“You’ve got to be a fucking idiot to be an undecided at this point,” Mike Edison declared Thursday night while celebrating the publication of his new sex-and-politics-themed e-book, Bye Bye, Miss American Pie. Edison, formerly the publisher of High Times and editor-in-chief of Screw Magazine—and a 2011 Big Jewcy—offered the call to action in time for tonight’s final presidential debate and next month’s election.
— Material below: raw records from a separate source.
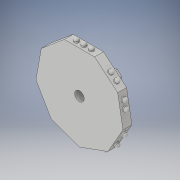
# Autodesk Inventor part: 9 ul Right Braille Wheel (Nonagon)
Saved by Autodesk Inventor 2017 (Build 210142000, 142)
## iProperties
Created: 2018-03-08
Part Number: 9 ul Right Braille Wheel (Nonagon)
Material: Generic
Document SubType Name: Modeling
Designer: Russ
Density: 1 g/cm^3
Appearance: Default
Author: Russ
Autodesk Inventor part; units mm, degrees
ref_plane "YZ Plane" through (0, 0, 0) normal (1, 0, 0) x (0, 1, 0)
ref_plane "XZ Plane" through (0, 0, 0) normal (0, 1, 0) x (-1, 0, 0)
ref_plane "XY Plane" through (0, 0, 0) normal (0, 0, 1) x (1, 0, 0)
sketch "Sketch1" plane through (0, 0, 0) normal (0, 0, 1) x (1, 0, 0)
  line L0 (0, -14.9412) -> (-9.604, -11.4456)
  line L1 (-9.604, -11.4456) -> (-14.7142, -2.5945)
  line L2 (-14.7142, -2.5945) -> (-12.9395, 7.4706)
  line L3 (-12.9395, 7.4706) -> (-5.1102, 14.0402)
  line L4 (-5.1102, 14.0402) -> (5.1102, 14.0402)
  line L5 (5.1102, 14.0402) -> (12.9395, 7.4706)
  line L6 (12.9395, 7.4706) -> (14.7142, -2.5945)
  line L7 (14.7142, -2.5945) -> (9.604, -11.4456)
  line L8 (9.604, -11.4456) -> (0, -14.9412)
  point P0 (0, 0)
  point P1 (0, 0)
  dimension "d0" = 28.9814
  constraints: 18 end point, 1 coincident, 19 other
  measures "d0" distance from line of L0.start L4
extrude "Extrusion1" add sketch "Sketch1" along normal blind 3
sketch "Sketch2" plane through (0, 0, 0) normal (0, 0, -1) x (-1, 0, 0)
  arc A0 (-2.0086, 7.3505) -> (2.0086, 7.3505) centre (0, 0) ccw
  line L0 (0, 7.62) -> (0, 9.525)
  line L1 (0, 9.525) -> (1.016, 9.525)
  line L2 (0, 9.525) -> (-1.016, 9.525)
  arc A1 (-1.4866, 7.4736) -> (1.4866, 7.4736) centre (0, 0) ccw
  line L3 (-1.4866, 7.4736) -> (-1.8582, 9.342)
  line L4 (-2.916, 7.04) -> (-3.6451, 8.8)
  line L5 (-4.2334, 6.3358) -> (-5.2918, 7.9197)
  line L6 (-5.3882, 5.3882) -> (-6.7352, 6.7352)
  line L7 (-6.3358, 4.2334) -> (-7.9197, 5.2918)
  line L8 (-7.04, 2.916) -> (-8.8, 3.6451)
  line L9 (-7.4736, 1.4866) -> (-9.342, 1.8582)
  line L10 (-7.62, 0) -> (-9.525, 0)
  line L11 (-7.4736, -1.4866) -> (-9.342, -1.8582)
  line L12 (-7.04, -2.916) -> (-8.8, -3.6451)
  line L13 (-6.3358, -4.2334) -> (-7.9197, -5.2918)
  line L14 (-5.3882, -5.3882) -> (-6.7352, -6.7352)
  line L15 (-4.2334, -6.3358) -> (-5.2918, -7.9197)
  line L16 (-2.916, -7.04) -> (-3.6451, -8.8)
  line L17 (-1.4866, -7.4736) -> (-1.8582, -9.342)
  line L18 (0, -7.62) -> (0, -9.525)
  line L19 (1.4866, -7.4736) -> (1.8582, -9.342)
  line L20 (2.916, -7.04) -> (3.6451, -8.8)
  line L21 (4.2334, -6.3358) -> (5.2918, -7.9197)
  line L22 (5.3882, -5.3882) -> (6.7352, -6.7352)
  line L23 (6.3358, -4.2334) -> (7.9197, -5.2918)
  line L24 (7.04, -2.916) -> (8.8, -3.6451)
  line L25 (7.4736, -1.4866) -> (9.342, -1.8582)
  line L26 (7.62, 0) -> (9.525, 0)
  line L27 (7.4736, 1.4866) -> (9.342, 1.8582)
  line L28 (7.04, 2.916) -> (8.8, 3.6451)
  line L29 (6.3358, 4.2334) -> (7.9197, 5.2918)
  line L30 (5.3882, 5.3882) -> (6.7352, 6.7352)
  line L31 (4.2334, 6.3358) -> (5.2918, 7.9197)
  line L32 (2.916, 7.04) -> (3.6451, 8.8)
  line L33 (1.4866, 7.4736) -> (1.8582, 9.342)
  arc A2 (-1.4866, 7.4736) -> (1.4866, 7.4736) centre (0, 0) ccw
  arc A3 (-1.016, 9.525) -> (-1.6724, 8.4079) centre (-0.1056, 8.2386) ccw
  arc A4 (1.6724, 8.4079) -> (1.016, 9.525) centre (0.1056, 8.2386) ccw
  circle A5 centre (0, 0) radius 7.62
  line L34 (-1.4866, 7.4736) -> (-1.6724, 8.4079)
  line L35 (-1.016, 9.525) -> (1.016, 9.525)
  line L36 (1.6724, 8.4079) -> (1.4866, 7.4736)
  arc A6 (-1.016, 9.525) -> (-1.6724, 8.4079) centre (-0.1056, 8.2386) ccw
  arc A7 (1.6724, 8.4079) -> (1.016, 9.525) centre (0.1056, 8.2386) ccw
  dimension "d5" = 15.24
  dimension "d6" = 360
  dimension "d7" = 1.016
  dimension "d8" = 1.016
  dimension "d9" = 1.905
  constraints: 74 end point, 14 point on circle, 7 centre point, 5 symmetric about line, 4 coincident, 3 concentric, 2 collinear, 1 perpendicular, 1 point on line, 1 vertical, 101 other
  measures "d5" diameter of A0
  measures "d7" distance of L1.start L1.end
  measures "d8" distance of L1.start L2.end
  measures "d9" distance of L0.start L1.start
extrude "Extrusion2" add sketch "Sketch2" along normal blind 3.81
pattern_circular "Circular Pattern1" count 8 over 360 about axis through (0, 0, 0) along (0, 0, -1) of "Extrusion2"
sketch "Sketch3" plane through (-5.1102, 14.0402, 0) normal (0, 1, 0) x (1, 0, 0)
  circle A0 centre (2.575, -1.5014) radius 0.8
  circle A1 centre (5.115, -1.5014) radius 0.8
  circle A2 centre (7.655, -1.5014) radius 0.8
  line L0 (-0.5079, -0.6748) -> (2.0528, -3)
  line L1 (2.0528, -3) -> (9.5277, -3)
  line L2 (9.4982, -0.3484) -> (-1.073, -0.3484)
  line L3 (-2.5018, -3) -> (9.4982, -3)
  line L4 (-2.5018, -3) -> (-1.073, -0.3484)
  line L5 (0.8768, 0) -> (0.3475, 0) projected
  line L6 (10.2204, -3) -> (0, -3) projected
  line L7 (10.2204, 0) -> (10.2204, -3) projected
  point P0 (5.1102, 0)
  point P1 (5.5277, -0.6748)
  dimension "d15" = 1.6
  dimension "d16" = 2.54
  dimension "d17" = 2.54
  dimension "d18" = 1.6
  dimension "d19" = 1.6
  dimension "d20" = 1.4605
  dimension "d21" = 1.4986
  dimension "d22" = 0
  dimension "d23" = 1.4986
  dimension "d24" = 1.4986
  dimension "d25" = 5.9944
  dimension "d27" = 0
  dimension "d28" = 5.1054
  constraints: 10 end point, 3 centre point
  measures "d15" diameter of A0
  measures "d16" distance of A1.centre A0.centre
  measures "d17" distance of A2.centre A1.centre
  measures "d18" diameter of A1
  measures "d19" diameter of A2
  measures "d20" distance from line of L0 A0.centre
  measures "d21" distance from line of L1 A2.centre
  measures "d22" distance between parallel lines of L3 L1
  measures "d23" distance from line of L1 A1.centre
  measures "d24" distance from line of L1 A0.centre
  measures "d25" distance from line of L4 A1.centre
  measures "d27" distance between parallel lines of L6 L1
  measures "d28" distance from line of L7 A1.centre
extrude "Extrusion3" add sketch "Sketch3" along normal blind 1.2
fillet "Fillet1" radius 0.8 3 edges at (1.7448, 15.2402, 1.5014) (-0.7952, 15.2402, 1.5014) (-3.3352, 15.2402, 1.5014)
sketch "Sketch4" plane through (0, 0, -3.81) normal (0, 0, -1) x (-1, 0, 0)
  circle A0 centre (0, 0) radius 1.6002
  dimension "d32" = 3.2004
  constraints: 1 centre point, 1 coincident
  measures "d32" diameter of A0
extrude "Extrusion4" cut sketch "Sketch4" against normal up to next
pattern_circular "Circular Pattern2" count 9 over 360 about axis through (0, 0, -3.81) along (0, 0, 1) of "Extrusion3"
sketch "Sketch5" plane through (0, 0, 0) normal (0, 0, -1) x (-1, 0, 0)
  line L0 (5.1102, 14.0402) -> (12.9395, 7.4706) projected
  line L1 (5.1102, 14.0402) -> (12.9395, 7.4706)
  line L2 (12.9395, 7.4706) -> (14.6272, 9.482)
  line L3 (14.6272, 9.482) -> (6.7979, 16.0515)
  line L4 (6.7979, 16.0515) -> (5.1102, 14.0402)
  line L5 (12.9395, 7.4706) -> (14.7142, -2.5945) projected
  line L6 (12.9395, 7.4706) -> (14.7142, -2.5945)
  line L7 (14.7142, -2.5945) -> (17.5585, -2.093)
  line L8 (17.5585, -2.093) -> (14.6272, 9.482)
  line L9 (-12.9395, 7.4706) -> (-5.1102, 14.0402) projected
  line L10 (-8.1123, 11.5211) -> (-9.4668, 13.1353)
  line L11 (-9.4668, 13.1353) -> (-7.1898, 15.0458)
  line L12 (-7.1898, 15.0458) -> (-5.8354, 13.4317)
  line L13 (-9.604, -11.4456) -> (-14.7142, -2.5945) projected
  line L14 (-14.7142, -2.5945) -> (-17.6536, -1.4861)
  line L15 (-17.6536, -1.4861) -> (-16.7467, 1.5365)
  line L16 (-16.7467, 1.5365) -> (-14.0691, 1.0644)
  line L17 (-14.7142, -2.5945) -> (-12.9395, 7.4706) projected
  line L18 (-12.78, -5.9446) -> (-14.6226, -7.0342)
  line L19 (-14.6226, -7.0342) -> (-13.3803, -9.1352)
  line L20 (-13.3803, -9.1352) -> (-11.45, -8.2484)
  line L21 (14.7142, -2.5945) -> (9.604, -11.4456) projected
  line L22 (12.78, -5.9446) -> (14.7387, -7.8068)
  line L23 (14.7387, -7.8068) -> (10.4839, -12.2822)
  line L24 (10.4839, -12.2822) -> (9.604, -11.4456)
  line L25 (9.604, -11.4456) -> (0, -14.9412) projected
  line L26 (0, -14.9412) -> (1.1482, -18.0959)
  line L27 (1.1482, -18.0959) -> (4.4102, -16.9086)
  line L28 (4.4102, -16.9086) -> (3.8165, -13.5521)
  line L29 (6.0711, -12.7315) -> (7.6925, -15.714)
  line L30 (7.6925, -15.714) -> (10.2125, -14.9412)
  line L31 (10.2125, -14.9412) -> (9.604, -11.4456)
  line L32 (0, -14.9412) -> (-9.604, -11.4456) projected
  line L33 (-6.0711, -12.7315) -> (-7.2039, -15.8437)
  line L34 (-7.2039, -15.8437) -> (-1.9485, -17.7565)
  line L35 (-1.9485, -17.7565) -> (-0.963, -14.5907)
  line L36 (0, -14.9412) -> (3.8165, -13.5521)
  point P0 (0, 0)
  constraints: 58 end point, 14 perpendicular, 11 point on line, 3 collinear
extrude "Extrusion5" cut sketch "Sketch5" against normal through all
fillet "Fillet2" radius 0.8 9 edges at (9.187, 12.1858, 1.5014) (11.1328, 10.5531, 1.5014) (14.4295, 5.931, 1.5014) (14.8705, 3.4295, 1.5014) (14.866, -4.7317, 1.5014) (12.326, -9.1311, 1.5014) (8.3465, -13.1804, 1.5014) (-4.4652, -14.593, 1.5014) (-14.0708, -6.109, 1.5014)
body "Solid1"

At Jimmy’s No. 43 in the East Village, the mensch-pornographer was accompanied by a band that included Sonic Youth’s Bob Bert for a literature-meets-music-meets-revolution book party, the latest event in a tour that has included stops at the New York Public Library, where Edison is an Allen Room scholar, and 92Y Tribeca for the fifth annual Banned Books Festival, which featured an appearance by fellow Big Jewcy Rachel Shukert. “What brand was Lewinski’s blue dress?” Fleshbot.com editor Lux Alptrum asked the crowd before Edison’s reading. It was Gap, it turns out, and Judy McGuire, Edison’s co-host on the Mike and Judy Show, won a porn DVD for answering correctly.
Edison’s latest, which was what the amped up crowd was really there for, mounts an attack on political apathy. The novella channels the raunchy libertarianism of Edison’s past for a relevant conversation about sex, scandal, and politics. It reads like the 1968 cult classic flick, Wild in the Streets, in which a rock-star-turned-politician calls for the end of power in the hands of anyone over thirty years old and lowers the voting age to 14—except in Bye Bye, Miss American Pie, a female politician’s indiscretions lead to orgies across the country, and this year’s party lines, press relations, and voter opinions are on full display.
Edison doesn’t hesitate to include a Hillary Clinton-esque woman in the canon of badly behaved public figures, embroiling politician Barbra Bernstein in a sex scandal after her husband’s exploits go public. Bernstein boldly defends herself in a surprisingly powerful passage:
“The problem with self righteous people,” she began, “is that they always want to rain on someone else’s parade. Haven’t we had enough of prudes running this country?” It wasn’t Lincoln’s first inaugural, nor Kennedy’s, for that matter, but it was loaded with pith and dramatic import. It didn’t quite hit the high notes of Martin Luther King’s “I have been to the Mountaintop” speech, but for some members of the American people, it still rang with the bell tones of liberation.
She went on to talk about the Pursuit of Happiness. She talked about Liberty, and Freedom from Tyranny at home. She looked straight into the camera, straight into the hearts and loins of America, and this is what she said: “I got mine, America, now get yours. You know you want it!”
Edison acknowledges that his pornography past might turn off potential new readers. If he were a horny housewife from Toronto, perhaps, people might embrace Bye Bye, Miss American Pie as quickly as they devoured Fifty Shades of Grey. Regardless, Edison hopes the book will wake people up. “Reading Bye Bye, Miss American Pie should be like taking the red pill in the Matrix,” he told me. “It should tear the sheets off of a fabricated reality.” In this election year, we need that more than ever.